I am in whangarei heads, small station with around only 60 calls a year. Been a member coming up two years.
Hey Smidy,
your timing is impeccable. Check this out. (I sent you a PM but went to the wrong Smiddy :oh noes: )
http://www.nzhuntingandshooting.co.n...ly-room-11085/
haha yeah i saw that so jumped straight in :)
good idea. should create a fair amount of traffic especially with the upcoming medical changes for the fire service.
Tell me about it. We are missing so many calls at the moment and get asked by the community why we weren't there to help them :(
i don't follow?
we are 30 mins from whangarei and have always done medicals that i am aware of. It's important for our community and we are happy to do it until the ambos can get there.
At the recent chiefs meeting they told our chief that we would trial the van thing but we will loose our appliance as we are a single appliance station (Aux actually). That doesn't seem to make sense to me as at a guess half to 60% of our calls are medicals so what do we do in the situation of a fire with half the equipment. I totally agree a dedicated medical vehicle would be very useful on medical calls but at the expense of an appliance, best to have one each. That and what is the benefit of have a bed in the vehicle? We have never used the stretcher we have on our appliance and it has been stated we are not to transport patients so what's the point? It has been a fairly up and down topic for us as a while back st johns were using us a lifting help returning patients home from hospital to. They would send a single ambo officer and turn us out to assist to get the patient inside. that didn't last too long thankfully, they were given the cease and desist.
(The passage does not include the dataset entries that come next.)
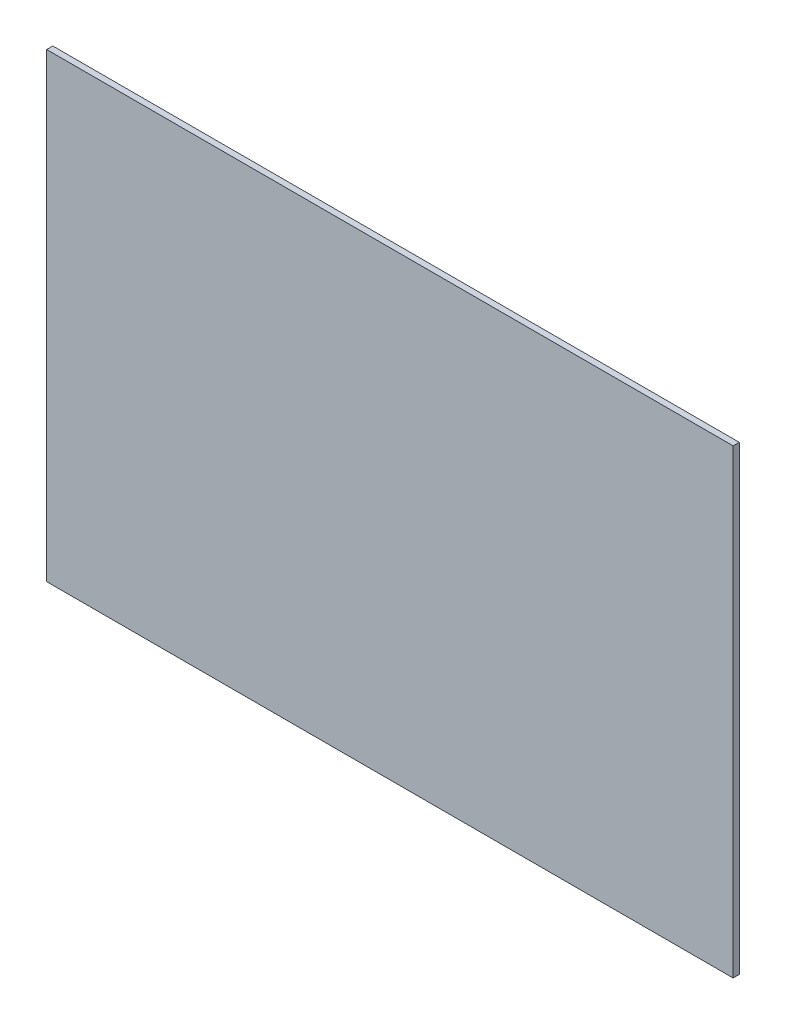
from build123d import *

# Parameters (mm, degrees)
SKETCH1_W           = 671.5125
SKETCH1_H           = 450.85
BOSS_EXTRUDE1_DEPTH = 3


with BuildPart() as part:
    # Sketch1 → Boss-Extrude1 (new body, symmetric)
    with BuildSketch(Plane.XY):
        Rectangle(SKETCH1_W, SKETCH1_H)
    extrude(amount=BOSS_EXTRUDE1_DEPTH, both=True)


solid = part.part

I'm a rural fire volley, joined June this year.
Attachment 17459
My fav pump, and my fav pump operator :)
Attachment 17461
Happy Valley fire earlier this year
27yrs a volley, fire Chief 16yrs. Both kids are volleys and the son is a Crew leader. We are under National Rural not NZ fire service. Two great volley units who sometimes work together. Last nite myself and Son and 1 of my medics spent 2.5 hr's trying to keep a Suicide victim alive, hope we succeeded as I haven't heard the outcome today. Spent all day today training and tomorrow Saturday I will be training Volleys from other departments. Hope this goes better than the last time when I was called away to recover the 2 lake Victims. My motto ( Volleys rock become One )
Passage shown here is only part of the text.